WORKING DATA:
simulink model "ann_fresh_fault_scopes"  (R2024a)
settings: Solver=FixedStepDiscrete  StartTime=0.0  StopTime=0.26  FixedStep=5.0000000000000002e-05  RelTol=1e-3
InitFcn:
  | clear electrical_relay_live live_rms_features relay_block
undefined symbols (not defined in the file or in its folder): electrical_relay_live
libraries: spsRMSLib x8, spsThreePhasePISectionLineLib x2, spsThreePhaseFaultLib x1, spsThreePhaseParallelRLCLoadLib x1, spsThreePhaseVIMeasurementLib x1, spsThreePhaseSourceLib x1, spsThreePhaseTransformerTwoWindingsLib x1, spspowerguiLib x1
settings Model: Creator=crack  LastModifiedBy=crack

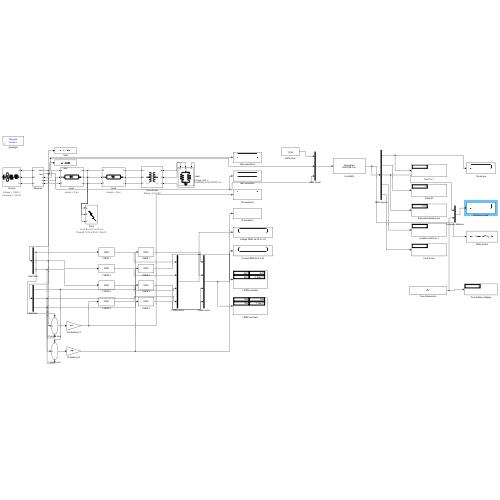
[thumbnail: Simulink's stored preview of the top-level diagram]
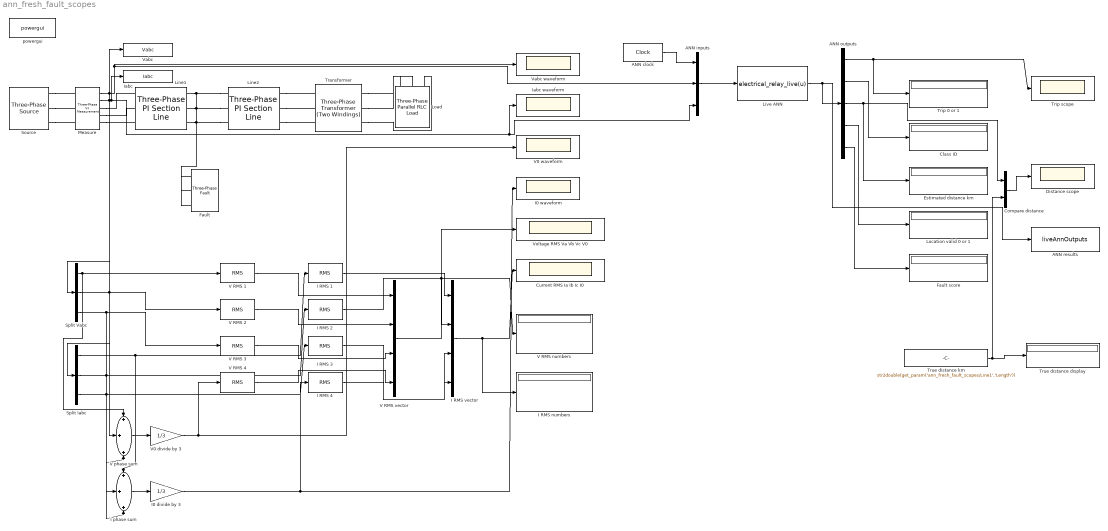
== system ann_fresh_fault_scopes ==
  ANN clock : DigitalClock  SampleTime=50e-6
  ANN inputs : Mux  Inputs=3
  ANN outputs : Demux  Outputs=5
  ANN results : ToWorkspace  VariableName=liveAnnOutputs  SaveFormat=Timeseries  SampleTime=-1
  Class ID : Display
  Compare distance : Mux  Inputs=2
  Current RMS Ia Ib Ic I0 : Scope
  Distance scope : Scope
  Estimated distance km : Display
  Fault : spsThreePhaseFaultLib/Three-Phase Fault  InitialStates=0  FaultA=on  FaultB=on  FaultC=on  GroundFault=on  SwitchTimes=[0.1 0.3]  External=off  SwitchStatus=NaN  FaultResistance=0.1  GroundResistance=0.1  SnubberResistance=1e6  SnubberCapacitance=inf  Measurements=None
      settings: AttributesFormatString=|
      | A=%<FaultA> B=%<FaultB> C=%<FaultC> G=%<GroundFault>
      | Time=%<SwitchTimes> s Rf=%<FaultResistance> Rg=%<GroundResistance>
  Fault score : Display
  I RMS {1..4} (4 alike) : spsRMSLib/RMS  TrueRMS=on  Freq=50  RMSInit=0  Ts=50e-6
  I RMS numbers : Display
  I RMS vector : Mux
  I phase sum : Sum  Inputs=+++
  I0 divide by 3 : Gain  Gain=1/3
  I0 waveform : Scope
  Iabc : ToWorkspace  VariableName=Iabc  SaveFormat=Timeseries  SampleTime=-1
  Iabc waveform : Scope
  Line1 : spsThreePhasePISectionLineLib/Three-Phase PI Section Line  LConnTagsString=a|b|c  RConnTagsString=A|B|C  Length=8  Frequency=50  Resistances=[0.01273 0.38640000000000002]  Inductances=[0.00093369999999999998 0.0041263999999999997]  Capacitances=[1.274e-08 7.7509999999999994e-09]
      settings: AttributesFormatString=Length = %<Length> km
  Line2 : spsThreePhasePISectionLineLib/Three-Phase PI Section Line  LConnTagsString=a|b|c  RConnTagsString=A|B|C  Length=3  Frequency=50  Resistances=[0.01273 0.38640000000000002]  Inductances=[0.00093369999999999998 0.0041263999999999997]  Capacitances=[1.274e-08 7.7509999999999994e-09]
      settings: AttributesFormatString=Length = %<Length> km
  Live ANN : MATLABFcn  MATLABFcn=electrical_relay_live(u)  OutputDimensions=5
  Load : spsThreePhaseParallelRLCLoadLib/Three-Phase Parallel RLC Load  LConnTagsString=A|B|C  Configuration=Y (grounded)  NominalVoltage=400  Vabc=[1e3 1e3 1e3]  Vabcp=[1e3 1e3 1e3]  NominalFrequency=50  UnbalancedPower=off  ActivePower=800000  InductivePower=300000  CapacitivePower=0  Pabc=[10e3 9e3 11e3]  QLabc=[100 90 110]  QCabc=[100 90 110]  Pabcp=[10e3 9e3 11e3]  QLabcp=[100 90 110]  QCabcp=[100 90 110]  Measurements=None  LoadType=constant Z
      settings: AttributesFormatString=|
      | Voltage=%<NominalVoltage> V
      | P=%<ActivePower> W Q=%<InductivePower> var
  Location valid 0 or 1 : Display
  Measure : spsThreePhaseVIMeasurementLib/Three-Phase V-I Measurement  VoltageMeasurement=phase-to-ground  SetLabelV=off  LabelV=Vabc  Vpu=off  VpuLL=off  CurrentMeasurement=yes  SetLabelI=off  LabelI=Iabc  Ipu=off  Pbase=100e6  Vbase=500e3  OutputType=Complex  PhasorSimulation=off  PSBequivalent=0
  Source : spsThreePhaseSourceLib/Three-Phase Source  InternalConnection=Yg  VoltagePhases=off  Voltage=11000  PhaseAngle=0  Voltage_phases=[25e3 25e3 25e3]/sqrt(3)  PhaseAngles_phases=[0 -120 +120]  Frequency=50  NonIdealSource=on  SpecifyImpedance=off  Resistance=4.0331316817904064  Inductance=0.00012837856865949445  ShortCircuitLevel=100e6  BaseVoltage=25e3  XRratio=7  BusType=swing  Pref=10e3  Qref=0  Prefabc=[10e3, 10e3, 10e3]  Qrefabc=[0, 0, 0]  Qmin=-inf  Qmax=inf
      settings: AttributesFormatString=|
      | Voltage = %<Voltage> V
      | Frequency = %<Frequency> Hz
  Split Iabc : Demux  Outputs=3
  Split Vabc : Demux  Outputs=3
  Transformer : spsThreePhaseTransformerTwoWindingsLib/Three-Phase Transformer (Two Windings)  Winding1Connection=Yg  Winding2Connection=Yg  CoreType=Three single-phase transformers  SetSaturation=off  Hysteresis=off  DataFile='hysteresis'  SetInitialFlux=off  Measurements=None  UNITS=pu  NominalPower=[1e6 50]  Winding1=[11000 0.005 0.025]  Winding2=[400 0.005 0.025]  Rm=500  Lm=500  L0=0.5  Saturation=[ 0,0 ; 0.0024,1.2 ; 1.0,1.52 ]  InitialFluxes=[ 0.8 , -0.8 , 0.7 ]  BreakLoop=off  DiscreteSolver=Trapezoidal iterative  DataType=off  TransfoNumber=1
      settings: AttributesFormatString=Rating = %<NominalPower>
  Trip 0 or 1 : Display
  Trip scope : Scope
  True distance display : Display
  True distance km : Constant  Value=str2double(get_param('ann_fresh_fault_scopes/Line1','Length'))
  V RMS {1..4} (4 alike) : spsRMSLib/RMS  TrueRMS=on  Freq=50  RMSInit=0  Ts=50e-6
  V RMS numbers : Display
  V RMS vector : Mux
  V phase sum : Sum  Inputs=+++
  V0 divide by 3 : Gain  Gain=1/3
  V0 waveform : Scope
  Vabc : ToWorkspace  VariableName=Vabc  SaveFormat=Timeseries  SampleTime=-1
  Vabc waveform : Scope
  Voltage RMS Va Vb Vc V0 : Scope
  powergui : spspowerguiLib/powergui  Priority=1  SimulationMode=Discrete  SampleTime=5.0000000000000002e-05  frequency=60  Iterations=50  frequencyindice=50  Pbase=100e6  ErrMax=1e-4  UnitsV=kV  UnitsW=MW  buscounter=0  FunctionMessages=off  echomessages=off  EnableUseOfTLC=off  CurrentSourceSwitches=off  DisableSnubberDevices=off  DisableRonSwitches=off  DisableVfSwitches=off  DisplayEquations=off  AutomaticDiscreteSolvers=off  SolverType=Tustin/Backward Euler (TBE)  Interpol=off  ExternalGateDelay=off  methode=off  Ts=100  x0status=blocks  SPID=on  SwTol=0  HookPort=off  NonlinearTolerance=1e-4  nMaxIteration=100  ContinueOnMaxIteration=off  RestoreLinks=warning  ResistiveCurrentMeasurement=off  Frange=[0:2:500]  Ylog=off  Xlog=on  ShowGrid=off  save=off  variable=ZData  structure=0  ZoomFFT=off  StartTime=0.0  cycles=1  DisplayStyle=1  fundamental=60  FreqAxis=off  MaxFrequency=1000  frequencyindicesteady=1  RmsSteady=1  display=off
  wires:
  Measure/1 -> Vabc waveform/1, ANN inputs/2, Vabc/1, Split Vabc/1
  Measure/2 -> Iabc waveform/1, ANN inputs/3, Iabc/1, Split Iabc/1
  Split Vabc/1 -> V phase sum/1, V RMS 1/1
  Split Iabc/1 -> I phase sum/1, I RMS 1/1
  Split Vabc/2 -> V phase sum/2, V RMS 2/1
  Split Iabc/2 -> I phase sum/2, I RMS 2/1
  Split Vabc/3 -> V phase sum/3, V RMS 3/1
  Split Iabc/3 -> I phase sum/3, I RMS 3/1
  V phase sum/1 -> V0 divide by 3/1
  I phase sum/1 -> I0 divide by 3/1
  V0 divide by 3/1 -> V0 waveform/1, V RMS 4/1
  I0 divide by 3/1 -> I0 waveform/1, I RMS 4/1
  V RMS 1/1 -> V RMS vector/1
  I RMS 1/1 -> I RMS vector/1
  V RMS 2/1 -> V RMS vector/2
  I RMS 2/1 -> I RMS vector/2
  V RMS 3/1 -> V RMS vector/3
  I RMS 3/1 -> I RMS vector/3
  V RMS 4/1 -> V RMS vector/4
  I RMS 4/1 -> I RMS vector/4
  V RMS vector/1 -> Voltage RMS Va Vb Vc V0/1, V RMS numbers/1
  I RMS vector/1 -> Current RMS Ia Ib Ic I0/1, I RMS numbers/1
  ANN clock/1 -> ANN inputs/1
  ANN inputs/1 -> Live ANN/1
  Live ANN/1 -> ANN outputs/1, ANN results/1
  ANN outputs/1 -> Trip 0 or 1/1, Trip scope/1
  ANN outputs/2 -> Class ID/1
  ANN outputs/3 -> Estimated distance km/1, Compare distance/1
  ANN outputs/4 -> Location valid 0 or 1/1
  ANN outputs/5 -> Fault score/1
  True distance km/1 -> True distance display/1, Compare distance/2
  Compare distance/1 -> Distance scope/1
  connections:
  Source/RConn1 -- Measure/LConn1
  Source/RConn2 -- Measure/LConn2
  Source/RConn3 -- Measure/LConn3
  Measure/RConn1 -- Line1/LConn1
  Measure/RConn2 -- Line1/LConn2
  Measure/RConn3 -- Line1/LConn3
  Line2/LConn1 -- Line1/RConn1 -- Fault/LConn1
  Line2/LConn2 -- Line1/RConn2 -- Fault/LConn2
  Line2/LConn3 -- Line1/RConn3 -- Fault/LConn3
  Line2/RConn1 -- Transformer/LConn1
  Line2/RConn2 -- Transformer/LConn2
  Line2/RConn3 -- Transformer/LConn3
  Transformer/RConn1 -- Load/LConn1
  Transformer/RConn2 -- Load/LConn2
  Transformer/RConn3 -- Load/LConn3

ACTIVITY:
Take exactly the lines from the one containing "Voltage RMS Va Vb Vc V0 : Scope" through the one containing "Split Vabc/2 -> V phase sum/2, V RMS 2/1" in the data above, and output them with nothing added.

WRITTEN RESPONSE:
  Voltage RMS Va Vb Vc V0 : Scope
  powergui : spspowerguiLib/powergui  Priority=1  SimulationMode=Discrete  SampleTime=5.0000000000000002e-05  frequency=60  Iterations=50  frequencyindice=50  Pbase=100e6  ErrMax=1e-4  UnitsV=kV  UnitsW=MW  buscounter=0  FunctionMessages=off  echomessages=off  EnableUseOfTLC=off  CurrentSourceSwitches=off  DisableSnubberDevices=off  DisableRonSwitches=off  DisableVfSwitches=off  DisplayEquations=off  AutomaticDiscreteSolvers=off  SolverType=Tustin/Backward Euler (TBE)  Interpol=off  ExternalGateDelay=off  methode=off  Ts=100  x0status=blocks  SPID=on  SwTol=0  HookPort=off  NonlinearTolerance=1e-4  nMaxIteration=100  ContinueOnMaxIteration=off  RestoreLinks=warning  ResistiveCurrentMeasurement=off  Frange=[0:2:500]  Ylog=off  Xlog=on  ShowGrid=off  save=off  variable=ZData  structure=0  ZoomFFT=off  StartTime=0.0  cycles=1  DisplayStyle=1  fundamental=60  FreqAxis=off  MaxFrequency=1000  frequencyindicesteady=1  RmsSteady=1  display=off
  wires:
  Measure/1 -> Vabc waveform/1, ANN inputs/2, Vabc/1, Split Vabc/1
  Measure/2 -> Iabc waveform/1, ANN inputs/3, Iabc/1, Split Iabc/1
  Split Vabc/1 -> V phase sum/1, V RMS 1/1
  Split Iabc/1 -> I phase sum/1, I RMS 1/1
  Split Vabc/2 -> V phase sum/2, V RMS 2/1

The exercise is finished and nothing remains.